Kleiner Tipp, da etwas versteckt:
http://www.mtb-news.de/news/2015/08/26/eurobike-2015-alutech-icb2-0-praesentation/

@nuts keine Ahnung ob du da der richtige Ansprechpartner bist, aber gibt es einen Grund, warum gerade der Artikel der die Bestellmodalitäten enthält im News-Bereich nicht unter ICB 2.0 verlinkt ist?


----------



## Plumpssack (15. Oktober 2015)

Ich finde ohnehin ein nicht zu übersehender Hinweis auf die crowd.bike Seite auf der mtb-news Startseite wäre sinnvoll, überm  FDW oderso..


----------



## SebT-Rex (15. Oktober 2015)

Nachdem ich heute morgen während meiner ICE Fahrt mit NUS und Thomas Skype vollgeschrieben habe, jetzt mal der aktuelle Stand hier im Forum:
Wir werden raw,Titan, Grün und Blau anbieten. Grün und Blau werden produziert, wenn sich in der ersten Woche des 14tägigen Bestellfensters mindestens 50 Käufer finden. Sollte eine Farbe keine 50 Käufer finden, wird die Farbe storniert, der Käufer informiert und er kann dann innerhalb der verbleibenden 7 Tage auf eine der anderen Farben wechseln.
Es wird zwei Optionen geben: 75% Anzahlung mit FOX FloatX, 50% Anzahlung mit Rock Shox Monarch.
Ich bin ab morgen in Taiwan und setze mich dort mit den Produzenten zusammen. Das neue Design ist der Hammer, wird aber sicherlich auch zum Anlass genommen, den Rahmenpreis hochzutreiben. Wir möchten unsere VKs gerne halten, ob mir das gelingt, erfahrt ihr Anfang nächster Woche!
Cheerio und danke für Geduld, Mitarbeit, Diskussionskultur, das Ding wird der Knaller!
Basti


----------



## Plumpssack (15. Oktober 2015)

ich brauche einen grünen Rahmen mit unbehandelter Verlängerung, die dann rot eloxiert wird um mit einer roten Mattoc und Onza Skinwall Reifen aufgebaut zu werden, das wäre der Hammer


----------



## SebT-Rex (15. Oktober 2015)

Plumpssack schrieb:


> ich brauche einen grünen Rahmen mit unbehandelter Verlängerung, die dann rot eloxiert wird um mit einer roten Mattoc und Onza Skinwall Reifen aufgebaut zu werden, das wäre der Hammer


ja genau so haben wir das bespochen


----------



## Plumpssack (15. Oktober 2015)




----------



## scottfreakx (15. Oktober 2015)

welche rahmen bekommen dann die poliert/gestrahlte optik? auch das raw?


----------



## trailjo (15. Oktober 2015)

scottfreakx schrieb:


> welche rahmen bekommen dann die poliert/gestrahlte optik? auch das raw?

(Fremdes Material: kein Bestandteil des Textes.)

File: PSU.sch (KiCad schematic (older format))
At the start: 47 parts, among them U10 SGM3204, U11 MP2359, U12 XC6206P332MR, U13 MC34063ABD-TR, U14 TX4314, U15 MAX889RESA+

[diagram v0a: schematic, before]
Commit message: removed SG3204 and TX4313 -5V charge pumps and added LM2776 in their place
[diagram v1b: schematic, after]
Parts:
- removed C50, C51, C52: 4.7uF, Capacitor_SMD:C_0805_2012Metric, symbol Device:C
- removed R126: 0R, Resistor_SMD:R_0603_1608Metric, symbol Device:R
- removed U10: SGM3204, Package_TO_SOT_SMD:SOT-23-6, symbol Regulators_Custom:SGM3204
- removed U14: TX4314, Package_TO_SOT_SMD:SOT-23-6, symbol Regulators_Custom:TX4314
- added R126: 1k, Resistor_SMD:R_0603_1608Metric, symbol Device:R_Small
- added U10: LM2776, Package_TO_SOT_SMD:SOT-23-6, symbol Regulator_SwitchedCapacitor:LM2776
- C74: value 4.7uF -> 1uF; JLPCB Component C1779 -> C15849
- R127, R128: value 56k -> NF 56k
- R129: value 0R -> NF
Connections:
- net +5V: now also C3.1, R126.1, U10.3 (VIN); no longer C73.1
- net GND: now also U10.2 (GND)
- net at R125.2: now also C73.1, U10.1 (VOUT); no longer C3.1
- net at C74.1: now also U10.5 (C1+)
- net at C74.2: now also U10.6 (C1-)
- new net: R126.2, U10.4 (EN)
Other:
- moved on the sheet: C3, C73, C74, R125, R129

Dann wäre es ja nicht mehr Raw!


----------



## scottfreakx (15. Oktober 2015)

ich fänds cool, de kontrast an sich finde ich nämlich recht geil, nur die Farben sagen ja mir nicht zu 100% zu..mir fehlt zb schwarz..auf diesem weg könnte sich dann jeder easy die Farbe selbst raussuchen


----------



## MTB-News.de




----------



## Lt.AnimalMother (15. Oktober 2015)

Macht aber null Sinn. Alutech stellt uns einen Rahmen zur Verfügung der dazu gedacht ist dass man sich dran austoben kann. Und dann sollen sie Kohle fürs Strahlen und Polieren ausgeben damit das von den meisten unter Pulver versenkt oder von Raw-Puristen mit Stahlwolle wieder raus gebürstet wird?


----------



## scottfreakx (15. Oktober 2015)

joa ist natürlich ein argument..also zwei raw versionen ..eine echt raw und eine semi mit der strukturbehandlung  ne schmarrn, mir ist klar dass das leider zu viel aufwand wäre..
wie wird das mit der oberflächenstruktur gemacht? ne folie mit entsprechendem loch geplottet und aufgeklebt oder wie? iwer erfahrungen in der richtung?


----------



## Kharne (15. Oktober 2015)

Nochmal für Blöde:
Grün und blau nur für Vorbesteller und nur wenn >= 50 bestellt werden? Oder Grün und blau in Serie, wenn >=50 vorbestellt werden?


----------



## Plumpssack (15. Oktober 2015)

grün und blau für Vorbesteller nur wenn jeweils 50 vorbestellt werden

der Newsarrikel ist auch geupdated da stehts genau drin

edit: jetzt steht im Newsartikel grün gibts auf jedenfall..


----------



## Joerg80 (15. Oktober 2015)

supurb-bicycles schrieb:


> Nachdem ich heute morgen während meiner ICE Fahrt mit NUS und Thomas Skype vollgeschrieben habe, jetzt mal der aktuelle Stand hier im Forum:
> Wir werden raw,Titan, Grün und Blau anbieten. Grün und Blau werden produziert, wenn sich in der ersten Woche des 14tägigen Bestellfensters mindestens 50 Käufer finden. Sollte eine Farbe keine 50 Käufer finden, wird die Farbe storniert, der Käufer informiert und er kann dann innerhalb der verbleibenden 7 Tage auf eine der anderen Farben wechseln.
> Es wird zwei Optionen geben: 75% Anzahlung mit FOX FloatX, 50% Anzahlung mit Rock Shox Monarch.
> Ich bin ab morgen in Taiwan und setze mich dort mit den Produzenten zusammen. Das neue Design ist der Hammer, wird aber sicherlich auch zum Anlass genommen, den Rahmenpreis hochzutreiben. Wir möchten unsere VKs gerne halten, ob mir das gelingt, erfahrt ihr Anfang nächster Woche!
> ...



Viel Erfolg beim Verhandeln


----------



## bansaiman (16. Oktober 2015)

Und wann geht's ordern los? 
Find auf der alutech hp nichts und in dem verlinkten Artikel der Messe mit den rahmenpreisen ist auch nichts


----------



## Lt.AnimalMother (16. Oktober 2015)

Demnächst, ich denke wenn Basti aus Taiwan wieder da ist und die Kosten final kalkulieren kann. Macht ja irgendwie keinen Sinn jetzt die Vororder starten zu lassen um dann vom Produzenten zu erfahren dass die Dinger mit der gewünschten Oberflächenbehandlung deutlich teurer werden. Polieren, abkleben, strahlen, demaskieren und eloxieren dürfte wohl ziemlich das teuerste sein was man so machen kann...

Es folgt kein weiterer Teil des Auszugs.